TASK DATA: Begin

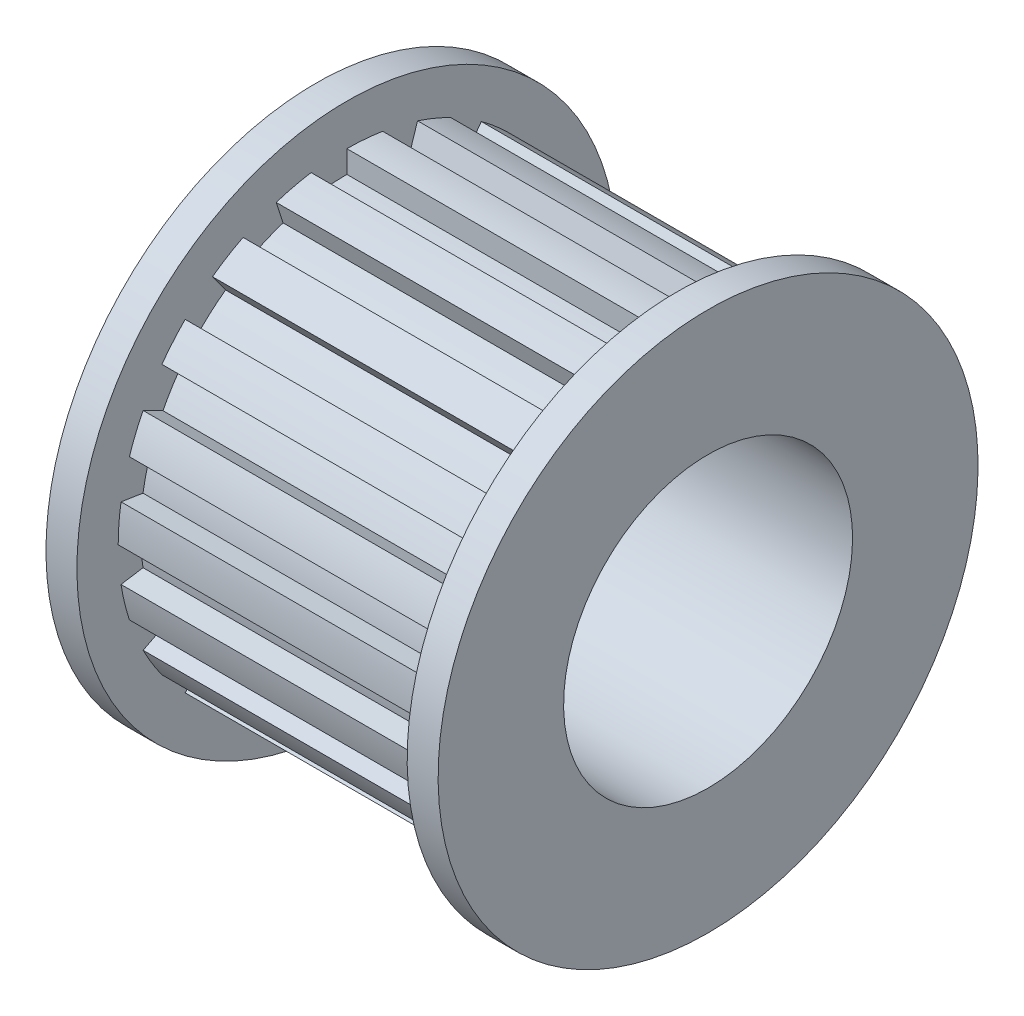
SolidWorks part; units mm, degrees
ref_plane "前视基准面" through (0, 0, 0) normal (0, 0, 1) x (1, 0, 0)
ref_plane "上视基准面" through (0, 0, 0) normal (0, 1, 0) x (1, 0, 0)
ref_plane "右视基准面" through (0, 0, 0) normal (1, 0, 0) x (0, 0, -1)
sketch "草图1" plane through (0, 0, 0) normal (0, 0, 1) x (1, 0, 0)
  line L0 (-9.5, 0) -> (9.5, 0)
  line L1 (9.5, 0) -> (9.5, 13.08)
  line L2 (9.5, 13.08) -> (8, 13.08)
  line L3 (8, 13.08) -> (8, 11.08)
  line L4 (8, 11.08) -> (-8, 11.08)
  line L5 (-8, 11.08) -> (-8, 13.08)
  line L6 (-8, 13.08) -> (-9.5, 13.08)
  line L7 (-9.5, 13.08) -> (-9.5, 0)
  line L8 (0, 27.7502) -> (0, -16.4737) construction
  dimension "D1" = 11.08
  dimension "D2" = 13.08
  dimension "D3" = 19
  dimension "D4" = 16
revolve "旋转1" add sketch "草图1" angle 360 about L0
sketch "草图2" plane through (0, 0, 0) normal (1, 0, 0) x (0, 0, -1)
  line L0 (-19.5115, 0) -> (20.7995, 0) construction
  line L1 (10, 0) -> (11.08, 0)
  line L2 (-25.2809, -4.0041) -> (25.2809, 4.0041) construction
  line L3 (9.8769, 1.5643) -> (10.9436, 1.7333)
  line L4 (9.5106, -3.0902) -> (10.5377, -3.4239)
  line L5 (9.8769, -1.5643) -> (10.9436, -1.7333)
  line L6 (8.0902, -5.8779) -> (8.9639, -6.5127)
  line L7 (8.9101, -4.5399) -> (9.8724, -5.0302)
  line L8 (5.8779, -8.0902) -> (6.5127, -8.9639)
  line L9 (7.0711, -7.0711) -> (7.8347, -7.8347)
  line L10 (3.0902, -9.5106) -> (3.4239, -10.5377)
  line L11 (4.5399, -8.9101) -> (5.0302, -9.8724)
  line L12 (0, -10) -> (0, -11.08)
  line L13 (1.5643, -9.8769) -> (1.7333, -10.9436)
  line L14 (-3.0902, -9.5106) -> (-3.4239, -10.5377)
  line L15 (-1.5643, -9.8769) -> (-1.7333, -10.9436)
  line L16 (-5.8779, -8.0902) -> (-6.5127, -8.9639)
  line L17 (-4.5399, -8.9101) -> (-5.0302, -9.8724)
  line L18 (-8.0902, -5.8779) -> (-8.9639, -6.5127)
  line L19 (-7.0711, -7.0711) -> (-7.8347, -7.8347)
  line L20 (-9.5106, -3.0902) -> (-10.5377, -3.4239)
  line L21 (-8.9101, -4.5399) -> (-9.8724, -5.0302)
  line L22 (-10, 0) -> (-11.08, 0)
  line L23 (-9.8769, -1.5643) -> (-10.9436, -1.7333)
  line L24 (-9.5106, 3.0902) -> (-10.5377, 3.4239)
  line L25 (-9.8769, 1.5643) -> (-10.9436, 1.7333)
  line L26 (-8.0902, 5.8779) -> (-8.9639, 6.5127)
  line L27 (-8.9101, 4.5399) -> (-9.8724, 5.0302)
  line L28 (-5.8779, 8.0902) -> (-6.5127, 8.9639)
  line L29 (-7.0711, 7.0711) -> (-7.8347, 7.8347)
  line L30 (-3.0902, 9.5106) -> (-3.4239, 10.5377)
  line L31 (-4.5399, 8.9101) -> (-5.0302, 9.8724)
  line L32 (0, 10) -> (0, 11.08)
  line L33 (-1.5643, 9.8769) -> (-1.7333, 10.9436)
  line L34 (3.0902, 9.5106) -> (3.4239, 10.5377)
  line L35 (1.5643, 9.8769) -> (1.7333, 10.9436)
  line L36 (5.8779, 8.0902) -> (6.5127, 8.9639)
  line L37 (4.5399, 8.9101) -> (5.0302, 9.8724)
  line L38 (8.0902, 5.8779) -> (8.9639, 6.5127)
  line L39 (7.0711, 7.0711) -> (7.8347, 7.8347)
  line L40 (9.5106, 3.0902) -> (10.5377, 3.4239)
  line L41 (8.9101, 4.5399) -> (9.8724, 5.0302)
  arc A0 (10, 0) -> (9.8769, 1.5643) centre (0, 0) ccw
  arc A2 (11.08, 0) -> (10.9436, 1.7333) centre (0, 0) ccw
  arc A3 (9.5106, -3.0902) -> (9.8769, -1.5643) centre (0, 0) ccw
  arc A4 (10.5377, -3.4239) -> (10.9436, -1.7333) centre (0, 0) ccw
  arc A5 (8.0902, -5.8779) -> (8.9101, -4.5399) centre (0, 0) ccw
  arc A6 (8.9639, -6.5127) -> (9.8724, -5.0302) centre (0, 0) ccw
  arc A7 (5.8779, -8.0902) -> (7.0711, -7.0711) centre (0, 0) ccw
  arc A8 (6.5127, -8.9639) -> (7.8347, -7.8347) centre (0, 0) ccw
  arc A9 (3.0902, -9.5106) -> (4.5399, -8.9101) centre (0, 0) ccw
  arc A10 (3.4239, -10.5377) -> (5.0302, -9.8724) centre (0, 0) ccw
  arc A11 (0, -10) -> (1.5643, -9.8769) centre (0, 0) ccw
  arc A12 (0, -11.08) -> (1.7333, -10.9436) centre (0, 0) ccw
  arc A13 (-3.0902, -9.5106) -> (-1.5643, -9.8769) centre (0, 0) ccw
  arc A14 (-3.4239, -10.5377) -> (-1.7333, -10.9436) centre (0, 0) ccw
  arc A15 (-5.8779, -8.0902) -> (-4.5399, -8.9101) centre (0, 0) ccw
  arc A16 (-6.5127, -8.9639) -> (-5.0302, -9.8724) centre (0, 0) ccw
  arc A17 (-8.0902, -5.8779) -> (-7.0711, -7.0711) centre (0, 0) ccw
  arc A18 (-8.9639, -6.5127) -> (-7.8347, -7.8347) centre (0, 0) ccw
  arc A19 (-9.5106, -3.0902) -> (-8.9101, -4.5399) centre (0, 0) ccw
  arc A20 (-10.5377, -3.4239) -> (-9.8724, -5.0302) centre (0, 0) ccw
  arc A21 (-10, 0) -> (-9.8769, -1.5643) centre (0, 0) ccw
  arc A22 (-11.08, 0) -> (-10.9436, -1.7333) centre (0, 0) ccw
  arc A23 (-9.5106, 3.0902) -> (-9.8769, 1.5643) centre (0, 0) ccw
  arc A24 (-10.5377, 3.4239) -> (-10.9436, 1.7333) centre (0, 0) ccw
  arc A25 (-8.0902, 5.8779) -> (-8.9101, 4.5399) centre (0, 0) ccw
  arc A26 (-8.9639, 6.5127) -> (-9.8724, 5.0302) centre (0, 0) ccw
  arc A27 (-5.8779, 8.0902) -> (-7.0711, 7.0711) centre (0, 0) ccw
  arc A28 (-6.5127, 8.9639) -> (-7.8347, 7.8347) centre (0, 0) ccw
  arc A29 (-3.0902, 9.5106) -> (-4.5399, 8.9101) centre (0, 0) ccw
  arc A30 (-3.4239, 10.5377) -> (-5.0302, 9.8724) centre (0, 0) ccw
  arc A31 (0, 10) -> (-1.5643, 9.8769) centre (0, 0) ccw
  arc A32 (0, 11.08) -> (-1.7333, 10.9436) centre (0, 0) ccw
  arc A33 (3.0902, 9.5106) -> (1.5643, 9.8769) centre (0, 0) ccw
  arc A34 (3.4239, 10.5377) -> (1.7333, 10.9436) centre (0, 0) ccw
  arc A35 (5.8779, 8.0902) -> (4.5399, 8.9101) centre (0, 0) ccw
  arc A36 (6.5127, 8.9639) -> (5.0302, 9.8724) centre (0, 0) ccw
  arc A37 (8.0902, 5.8779) -> (7.0711, 7.0711) centre (0, 0) ccw
  arc A38 (8.9639, 6.5127) -> (7.8347, 7.8347) centre (0, 0) ccw
  arc A39 (9.5106, 3.0902) -> (8.9101, 4.5399) centre (0, 0) ccw
  arc A40 (10.5377, 3.4239) -> (9.8724, 5.0302) centre (0, 0) ccw
  point P88 (0, 0)
  dimension "D1" = 20
  dimension "D2" = 20
  dimension "D4" = 11.08
  dimension "D3" = 9
sketch "草图7" plane through (0, 0, 0) normal (1, 0, 0) x (0, 0, -1)
  circle A0 centre (0, 0) radius 7
  dimension "D1" = 14
extrude "切除-拉伸3" cut sketch "草图7" against normal mid plane 20
extrude "切除-拉伸4" cut sketch "草图2" against normal mid plane 16

TASK DATA: End

Among the lines of the data, identify those with the word "construction". Copy each of them.

> **EXERCISE SOLUTION**:
  line L8 (0, 27.7502) -> (0, -16.4737) construction
  line L0 (-19.5115, 0) -> (20.7995, 0) construction
  line L2 (-25.2809, -4.0041) -> (25.2809, 4.0041) construction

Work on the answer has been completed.